Marco D’Amore dirige e interpreta il suo primo lungometraggio, uno spin-off dedicato a Ciro Di Marzio. Il suo personaggio aveva esaurito ogni velleità nell’ultima stagione di “Gomorra”, la macro-storia criminale più seguita d’Italia; miracolosamente, però, Ciro è sopravvissuto: la punizione è proprio la vita. L’immortalità non si presenta come un dono, ma come una condanna. La pellicola di Marco D’Amore analizza il personaggio di Ciro sin dalla sua infanzia, quando sopravvisse al terremoto dell’80 e crebbe bruciando le tappe, passando rapidamente dal furto allo spaccio, per conquistare poi i vertici della criminalità organizzata. Un bambino, quindi, a cui è sempre mancato giocare, che non ha ricevuto alcuna forma di affetto, che non si è sentito mai parte di una famiglia, se non di quella “criminale”.
“L’immortale”, progetto nato tre anni fa, svela un altro aspetto che spesso si fatica a comprendere: “Gomorra” non è solo un’indagine sociale, è anche e soprattutto una narrazione, un racconto di esseri umani, di anime: quella di Ciro Di Marzio è un’anima sola, complessa, che non si è mai concessa il lusso di apprezzare la bellezza né ha mai dato sfogo alle emozioni. Ciro Di Marzio è la rappresentazione di un unico sentimento: l’ambizione. Un’ambizione talmente forte da essere anteposta a qualsiasi altra cosa. Questa bramosia pian piano si spegne, e si manifesta il bisogno di porre fine a questa vita di sofferenze. La morte, però, è un privilegio troppo grande per lui.La pellicola è una ricostruzione di un personaggio, ed è per questo che si presenta come un’opera intima: Ciro, in fondo, resterà per sempre un orfano abbandonato a se stesso. Marco D’Amore riscrive e approfondisce l’estetica di “Gomorra”: nonostante la morte sia la protagonista indiscussa di tutta la serie (si contano circa millecinquecento morti), mettere in scena un racconto non significa tradirne l’etica. “L’immortale” non è la classica elegia criminale: proprio Marco D’Amore, che ha interpretato a teatro molti personaggi mossi da sentimenti meschini come Jago di Shakespeare, ha deciso di mostrare il lato più umano di Ciro Di Marzio, un uomo divorato dal rimorso e distrutto dalle sue stesse azioni. Il regista approfondisce, quindi, un’anima nera, fornendo allo spettatore degli aspetti inediti e lasciando volutamente altri in sospeso, permettendo al pubblico la possibilità di concludere il discorso. Ciro Di Marzio sa leggere gli sguardi, anticipa le mosse degli altri, ma non parla, proprio perché comunicare vuol dire connettersi con gli altri e la paura (vengono mostrate varie declinazioni di questo sentimento nel film) di distruggere ogni cosa glielo impedisce.

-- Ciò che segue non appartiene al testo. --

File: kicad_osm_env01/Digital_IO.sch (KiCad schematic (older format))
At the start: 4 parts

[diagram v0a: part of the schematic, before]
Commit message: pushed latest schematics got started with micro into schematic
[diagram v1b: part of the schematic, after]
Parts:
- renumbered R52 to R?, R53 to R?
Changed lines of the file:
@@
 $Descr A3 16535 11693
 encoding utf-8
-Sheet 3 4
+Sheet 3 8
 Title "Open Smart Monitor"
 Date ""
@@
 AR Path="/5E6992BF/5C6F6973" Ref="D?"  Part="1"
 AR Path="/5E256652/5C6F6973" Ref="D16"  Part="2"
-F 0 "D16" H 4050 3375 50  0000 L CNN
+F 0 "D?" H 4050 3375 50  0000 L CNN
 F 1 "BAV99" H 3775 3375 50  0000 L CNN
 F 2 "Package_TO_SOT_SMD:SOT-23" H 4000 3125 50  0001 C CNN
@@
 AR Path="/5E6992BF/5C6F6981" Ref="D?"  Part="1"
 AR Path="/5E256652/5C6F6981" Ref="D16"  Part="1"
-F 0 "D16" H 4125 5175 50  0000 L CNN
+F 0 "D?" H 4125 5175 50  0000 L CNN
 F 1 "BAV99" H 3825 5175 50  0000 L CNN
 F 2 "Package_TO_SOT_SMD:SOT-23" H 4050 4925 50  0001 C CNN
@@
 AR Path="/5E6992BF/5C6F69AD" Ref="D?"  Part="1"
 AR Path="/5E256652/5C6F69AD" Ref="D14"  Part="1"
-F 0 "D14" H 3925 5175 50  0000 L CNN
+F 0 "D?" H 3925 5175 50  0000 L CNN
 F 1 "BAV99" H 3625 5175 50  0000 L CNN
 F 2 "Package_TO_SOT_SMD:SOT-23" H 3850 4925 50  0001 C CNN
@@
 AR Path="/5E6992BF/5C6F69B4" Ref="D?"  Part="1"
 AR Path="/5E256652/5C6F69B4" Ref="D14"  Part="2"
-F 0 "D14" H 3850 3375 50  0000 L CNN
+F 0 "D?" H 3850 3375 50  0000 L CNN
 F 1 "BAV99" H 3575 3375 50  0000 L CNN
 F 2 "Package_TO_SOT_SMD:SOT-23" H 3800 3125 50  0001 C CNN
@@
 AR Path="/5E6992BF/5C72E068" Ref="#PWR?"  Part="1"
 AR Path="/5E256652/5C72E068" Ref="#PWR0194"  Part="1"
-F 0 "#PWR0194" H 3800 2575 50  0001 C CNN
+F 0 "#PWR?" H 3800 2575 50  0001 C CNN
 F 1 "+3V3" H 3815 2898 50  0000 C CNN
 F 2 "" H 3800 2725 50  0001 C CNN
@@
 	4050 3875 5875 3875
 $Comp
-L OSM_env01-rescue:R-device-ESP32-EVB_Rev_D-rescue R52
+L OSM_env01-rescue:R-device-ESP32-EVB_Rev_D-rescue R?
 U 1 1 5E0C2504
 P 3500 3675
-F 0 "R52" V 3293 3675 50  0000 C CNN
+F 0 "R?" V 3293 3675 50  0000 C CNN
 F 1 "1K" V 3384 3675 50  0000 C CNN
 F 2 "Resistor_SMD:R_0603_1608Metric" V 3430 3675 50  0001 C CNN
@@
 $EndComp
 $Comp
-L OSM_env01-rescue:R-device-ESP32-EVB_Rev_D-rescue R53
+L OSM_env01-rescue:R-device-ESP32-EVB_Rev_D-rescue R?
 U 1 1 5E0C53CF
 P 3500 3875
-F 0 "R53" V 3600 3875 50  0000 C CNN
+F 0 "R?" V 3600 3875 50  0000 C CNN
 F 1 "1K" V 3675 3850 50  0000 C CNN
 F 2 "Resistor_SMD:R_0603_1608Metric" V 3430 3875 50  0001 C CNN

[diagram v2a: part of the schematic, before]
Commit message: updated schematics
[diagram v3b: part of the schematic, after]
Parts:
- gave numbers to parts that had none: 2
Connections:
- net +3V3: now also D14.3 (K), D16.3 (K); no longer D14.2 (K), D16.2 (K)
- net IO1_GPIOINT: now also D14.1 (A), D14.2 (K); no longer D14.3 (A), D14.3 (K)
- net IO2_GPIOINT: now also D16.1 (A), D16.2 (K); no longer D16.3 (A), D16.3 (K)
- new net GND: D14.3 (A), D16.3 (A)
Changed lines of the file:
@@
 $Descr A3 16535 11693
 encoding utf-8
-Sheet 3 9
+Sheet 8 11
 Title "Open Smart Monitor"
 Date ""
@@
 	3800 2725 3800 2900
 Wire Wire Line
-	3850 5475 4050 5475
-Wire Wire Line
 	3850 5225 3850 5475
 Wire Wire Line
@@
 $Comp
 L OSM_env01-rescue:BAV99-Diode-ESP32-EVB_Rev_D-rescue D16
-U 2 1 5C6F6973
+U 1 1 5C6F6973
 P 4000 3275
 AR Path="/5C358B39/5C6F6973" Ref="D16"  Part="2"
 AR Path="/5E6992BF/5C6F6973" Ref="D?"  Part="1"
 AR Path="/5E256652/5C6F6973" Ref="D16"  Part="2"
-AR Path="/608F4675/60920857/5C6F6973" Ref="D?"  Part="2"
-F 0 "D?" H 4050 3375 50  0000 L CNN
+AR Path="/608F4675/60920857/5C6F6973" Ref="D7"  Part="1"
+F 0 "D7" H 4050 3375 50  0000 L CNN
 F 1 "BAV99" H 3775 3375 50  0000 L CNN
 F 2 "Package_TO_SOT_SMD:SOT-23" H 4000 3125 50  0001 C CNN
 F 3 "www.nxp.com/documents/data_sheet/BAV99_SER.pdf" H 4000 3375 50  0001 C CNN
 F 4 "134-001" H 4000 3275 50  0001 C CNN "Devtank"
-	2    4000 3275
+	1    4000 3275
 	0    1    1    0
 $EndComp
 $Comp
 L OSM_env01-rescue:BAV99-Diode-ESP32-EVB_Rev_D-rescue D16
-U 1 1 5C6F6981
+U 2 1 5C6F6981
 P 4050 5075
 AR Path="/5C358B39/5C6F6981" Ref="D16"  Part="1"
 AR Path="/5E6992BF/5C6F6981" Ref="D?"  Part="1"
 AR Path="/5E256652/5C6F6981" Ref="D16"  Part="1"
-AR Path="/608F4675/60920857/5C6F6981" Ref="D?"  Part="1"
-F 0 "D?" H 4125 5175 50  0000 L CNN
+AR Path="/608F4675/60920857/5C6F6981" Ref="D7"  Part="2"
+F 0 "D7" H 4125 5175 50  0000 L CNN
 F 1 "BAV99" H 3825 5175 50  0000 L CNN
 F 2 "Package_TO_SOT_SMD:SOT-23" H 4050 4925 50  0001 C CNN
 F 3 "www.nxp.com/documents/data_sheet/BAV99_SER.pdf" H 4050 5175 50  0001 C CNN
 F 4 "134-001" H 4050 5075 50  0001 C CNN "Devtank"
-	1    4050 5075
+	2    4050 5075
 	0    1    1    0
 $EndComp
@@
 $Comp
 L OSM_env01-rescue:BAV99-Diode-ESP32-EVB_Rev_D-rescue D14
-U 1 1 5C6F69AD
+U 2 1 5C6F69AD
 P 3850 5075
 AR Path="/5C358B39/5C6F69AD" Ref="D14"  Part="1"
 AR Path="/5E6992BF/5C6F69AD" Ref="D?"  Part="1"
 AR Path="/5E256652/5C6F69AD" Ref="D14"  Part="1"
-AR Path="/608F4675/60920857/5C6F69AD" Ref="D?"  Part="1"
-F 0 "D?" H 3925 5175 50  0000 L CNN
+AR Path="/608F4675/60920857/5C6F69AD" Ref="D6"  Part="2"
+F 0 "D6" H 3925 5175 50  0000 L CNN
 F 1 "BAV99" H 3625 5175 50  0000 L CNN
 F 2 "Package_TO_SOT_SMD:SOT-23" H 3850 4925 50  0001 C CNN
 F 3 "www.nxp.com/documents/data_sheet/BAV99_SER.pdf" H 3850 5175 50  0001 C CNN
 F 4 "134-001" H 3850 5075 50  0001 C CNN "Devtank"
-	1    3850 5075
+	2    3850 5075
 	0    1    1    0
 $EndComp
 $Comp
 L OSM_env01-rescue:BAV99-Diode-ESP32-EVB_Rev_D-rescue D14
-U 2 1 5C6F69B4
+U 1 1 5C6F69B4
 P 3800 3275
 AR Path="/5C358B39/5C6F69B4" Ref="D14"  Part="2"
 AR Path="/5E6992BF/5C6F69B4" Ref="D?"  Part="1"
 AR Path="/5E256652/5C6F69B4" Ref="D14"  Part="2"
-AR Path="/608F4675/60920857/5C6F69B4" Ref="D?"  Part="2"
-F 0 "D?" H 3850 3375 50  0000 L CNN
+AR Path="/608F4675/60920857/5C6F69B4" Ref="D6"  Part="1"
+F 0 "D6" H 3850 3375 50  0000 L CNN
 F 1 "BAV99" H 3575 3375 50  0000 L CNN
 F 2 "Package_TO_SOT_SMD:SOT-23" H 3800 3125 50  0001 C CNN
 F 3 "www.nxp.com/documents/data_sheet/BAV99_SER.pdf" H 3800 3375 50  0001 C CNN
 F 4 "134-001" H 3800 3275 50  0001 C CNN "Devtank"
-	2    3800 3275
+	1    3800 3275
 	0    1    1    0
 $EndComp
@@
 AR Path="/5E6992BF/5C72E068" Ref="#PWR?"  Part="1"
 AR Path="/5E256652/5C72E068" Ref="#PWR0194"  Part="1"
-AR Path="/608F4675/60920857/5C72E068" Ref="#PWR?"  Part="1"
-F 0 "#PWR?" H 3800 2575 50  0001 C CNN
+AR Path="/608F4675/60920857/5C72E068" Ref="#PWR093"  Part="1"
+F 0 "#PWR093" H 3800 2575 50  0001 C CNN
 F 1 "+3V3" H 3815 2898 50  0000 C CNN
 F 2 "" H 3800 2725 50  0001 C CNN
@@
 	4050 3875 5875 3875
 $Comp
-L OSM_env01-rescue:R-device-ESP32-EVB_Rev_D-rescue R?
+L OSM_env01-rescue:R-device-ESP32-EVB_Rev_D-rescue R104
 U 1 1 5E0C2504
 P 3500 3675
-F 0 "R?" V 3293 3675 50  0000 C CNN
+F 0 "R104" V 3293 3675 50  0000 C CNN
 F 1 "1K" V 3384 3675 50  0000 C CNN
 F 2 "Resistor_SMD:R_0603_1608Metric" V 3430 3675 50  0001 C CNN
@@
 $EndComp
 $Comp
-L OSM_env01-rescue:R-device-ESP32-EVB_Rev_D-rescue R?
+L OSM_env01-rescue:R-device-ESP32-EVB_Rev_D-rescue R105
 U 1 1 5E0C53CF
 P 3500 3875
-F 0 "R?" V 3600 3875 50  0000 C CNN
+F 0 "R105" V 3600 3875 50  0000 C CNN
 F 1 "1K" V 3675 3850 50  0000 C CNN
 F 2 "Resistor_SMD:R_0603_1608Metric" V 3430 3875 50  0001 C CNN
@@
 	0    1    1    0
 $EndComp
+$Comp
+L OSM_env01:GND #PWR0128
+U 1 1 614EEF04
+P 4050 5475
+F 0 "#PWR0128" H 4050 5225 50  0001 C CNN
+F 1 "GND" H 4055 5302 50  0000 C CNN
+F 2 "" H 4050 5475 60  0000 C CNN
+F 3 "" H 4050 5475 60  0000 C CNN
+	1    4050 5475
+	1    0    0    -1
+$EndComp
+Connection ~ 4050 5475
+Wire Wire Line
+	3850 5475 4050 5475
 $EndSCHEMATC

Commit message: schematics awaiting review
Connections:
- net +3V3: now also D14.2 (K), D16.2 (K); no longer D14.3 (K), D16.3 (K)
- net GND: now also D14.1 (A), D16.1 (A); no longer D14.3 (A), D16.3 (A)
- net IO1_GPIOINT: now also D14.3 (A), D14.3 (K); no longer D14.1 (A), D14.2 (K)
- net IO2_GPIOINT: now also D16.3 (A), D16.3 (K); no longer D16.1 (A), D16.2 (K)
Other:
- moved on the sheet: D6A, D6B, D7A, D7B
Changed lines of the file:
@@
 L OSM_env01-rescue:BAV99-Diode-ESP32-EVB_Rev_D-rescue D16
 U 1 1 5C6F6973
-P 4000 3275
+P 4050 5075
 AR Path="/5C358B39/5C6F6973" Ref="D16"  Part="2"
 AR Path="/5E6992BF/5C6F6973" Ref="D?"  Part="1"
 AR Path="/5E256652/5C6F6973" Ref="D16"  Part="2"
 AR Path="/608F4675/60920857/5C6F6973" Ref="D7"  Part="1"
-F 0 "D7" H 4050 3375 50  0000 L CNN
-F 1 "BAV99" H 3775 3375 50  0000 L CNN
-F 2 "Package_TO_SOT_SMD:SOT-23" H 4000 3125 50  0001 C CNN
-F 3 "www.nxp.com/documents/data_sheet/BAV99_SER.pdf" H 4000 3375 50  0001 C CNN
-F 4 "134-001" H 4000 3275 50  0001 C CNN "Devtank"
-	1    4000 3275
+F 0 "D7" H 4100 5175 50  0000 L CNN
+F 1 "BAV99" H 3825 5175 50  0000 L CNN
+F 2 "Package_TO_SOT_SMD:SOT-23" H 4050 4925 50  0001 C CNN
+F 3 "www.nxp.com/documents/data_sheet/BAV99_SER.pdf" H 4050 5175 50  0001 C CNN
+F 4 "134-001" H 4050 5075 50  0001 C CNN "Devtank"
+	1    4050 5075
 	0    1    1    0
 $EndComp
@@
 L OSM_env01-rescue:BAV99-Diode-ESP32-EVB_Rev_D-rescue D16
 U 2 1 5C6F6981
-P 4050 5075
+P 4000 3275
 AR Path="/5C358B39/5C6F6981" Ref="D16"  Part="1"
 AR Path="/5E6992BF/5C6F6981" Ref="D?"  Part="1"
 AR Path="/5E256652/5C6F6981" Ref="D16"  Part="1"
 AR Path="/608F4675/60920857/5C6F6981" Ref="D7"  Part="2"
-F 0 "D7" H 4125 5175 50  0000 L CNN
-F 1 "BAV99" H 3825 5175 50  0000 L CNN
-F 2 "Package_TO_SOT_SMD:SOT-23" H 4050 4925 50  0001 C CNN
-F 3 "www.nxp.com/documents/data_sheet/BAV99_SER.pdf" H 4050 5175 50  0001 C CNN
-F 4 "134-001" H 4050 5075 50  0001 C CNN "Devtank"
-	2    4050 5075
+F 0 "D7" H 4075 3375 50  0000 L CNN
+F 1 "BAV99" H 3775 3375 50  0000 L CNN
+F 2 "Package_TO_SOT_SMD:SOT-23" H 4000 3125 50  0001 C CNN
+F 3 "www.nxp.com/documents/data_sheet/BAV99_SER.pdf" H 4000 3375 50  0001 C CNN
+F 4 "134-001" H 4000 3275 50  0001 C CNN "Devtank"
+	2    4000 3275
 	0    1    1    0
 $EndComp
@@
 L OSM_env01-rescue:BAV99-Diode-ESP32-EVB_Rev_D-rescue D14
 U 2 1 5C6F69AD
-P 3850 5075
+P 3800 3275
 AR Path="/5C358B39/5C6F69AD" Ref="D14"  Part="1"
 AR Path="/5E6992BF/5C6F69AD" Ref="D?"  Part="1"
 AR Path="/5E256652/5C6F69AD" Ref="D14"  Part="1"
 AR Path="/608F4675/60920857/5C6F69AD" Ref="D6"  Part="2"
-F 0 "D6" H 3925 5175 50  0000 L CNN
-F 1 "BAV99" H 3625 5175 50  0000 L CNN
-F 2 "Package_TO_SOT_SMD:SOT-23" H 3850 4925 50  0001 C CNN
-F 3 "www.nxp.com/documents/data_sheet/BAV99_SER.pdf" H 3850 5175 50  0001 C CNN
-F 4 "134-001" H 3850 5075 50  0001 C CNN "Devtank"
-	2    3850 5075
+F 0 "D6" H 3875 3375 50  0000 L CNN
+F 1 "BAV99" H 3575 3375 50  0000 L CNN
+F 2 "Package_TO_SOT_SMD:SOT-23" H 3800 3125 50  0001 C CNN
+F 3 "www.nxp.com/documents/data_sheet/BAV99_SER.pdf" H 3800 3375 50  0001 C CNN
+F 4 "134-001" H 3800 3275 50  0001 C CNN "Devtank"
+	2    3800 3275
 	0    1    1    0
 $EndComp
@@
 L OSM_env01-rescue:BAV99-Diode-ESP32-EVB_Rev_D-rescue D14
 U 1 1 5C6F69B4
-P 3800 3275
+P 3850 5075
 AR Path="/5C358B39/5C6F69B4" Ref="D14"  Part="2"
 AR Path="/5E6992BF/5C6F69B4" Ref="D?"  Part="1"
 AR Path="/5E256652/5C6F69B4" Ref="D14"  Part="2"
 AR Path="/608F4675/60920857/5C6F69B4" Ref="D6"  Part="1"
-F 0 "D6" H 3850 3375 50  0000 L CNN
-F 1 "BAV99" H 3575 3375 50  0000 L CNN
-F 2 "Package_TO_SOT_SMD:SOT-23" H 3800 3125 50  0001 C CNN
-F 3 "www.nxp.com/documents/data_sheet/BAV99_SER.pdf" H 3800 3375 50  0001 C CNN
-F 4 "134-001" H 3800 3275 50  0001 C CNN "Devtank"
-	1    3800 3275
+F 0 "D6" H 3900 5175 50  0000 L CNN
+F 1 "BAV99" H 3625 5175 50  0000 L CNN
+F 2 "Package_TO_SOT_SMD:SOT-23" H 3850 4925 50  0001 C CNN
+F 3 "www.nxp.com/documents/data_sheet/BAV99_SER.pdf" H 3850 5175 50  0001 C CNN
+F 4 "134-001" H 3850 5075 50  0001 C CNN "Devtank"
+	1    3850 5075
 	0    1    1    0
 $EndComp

“L’immortale” è un esperimento nuovo, mai testato prima, che ribalta le sorti. Non era mai stato realizzato, infatti, un incrocio tra cinema e televisione. È un racconto oggettivo, senza patetismi, che mostra come un’ambizione scellerata, sfrenata nasconda un’anima tormentata che gode del dolore, del male fatto a se stesso. Insistere poi, sull’infanzia dolorosa di Ciro, non è una giustificazione per le azioni criminose, quanto piuttosto una chiarificazione di un aspetto ancora non noto (seppure facilmente intuibile): Ciro Di Marzio ha vissuto la sua esistenza a metà tra il timore di perdersi e di perdere tutto e la violenza di volersi prendere quello che non si ha con tutti i mezzi (leciti ed illeciti). Quello di Marco D’Amore è un film di destini segnati, di morti e tradimenti: Ciro Di Marzio, che viene mostrato sia come uomo che come criminale, ha scelto il Male perché lo ha sempre conosciuto a fondo, perché si è sentito più a suo agio a vivere con la violenza e la paura. “L’immortale” è, per concludere, un progetto ibrido e necessario, che funge da ponte tra la quarta e la quinta stagione di “Gomorra” e dimostra quanto sia sempre più forte il legame tra cinema e televisione.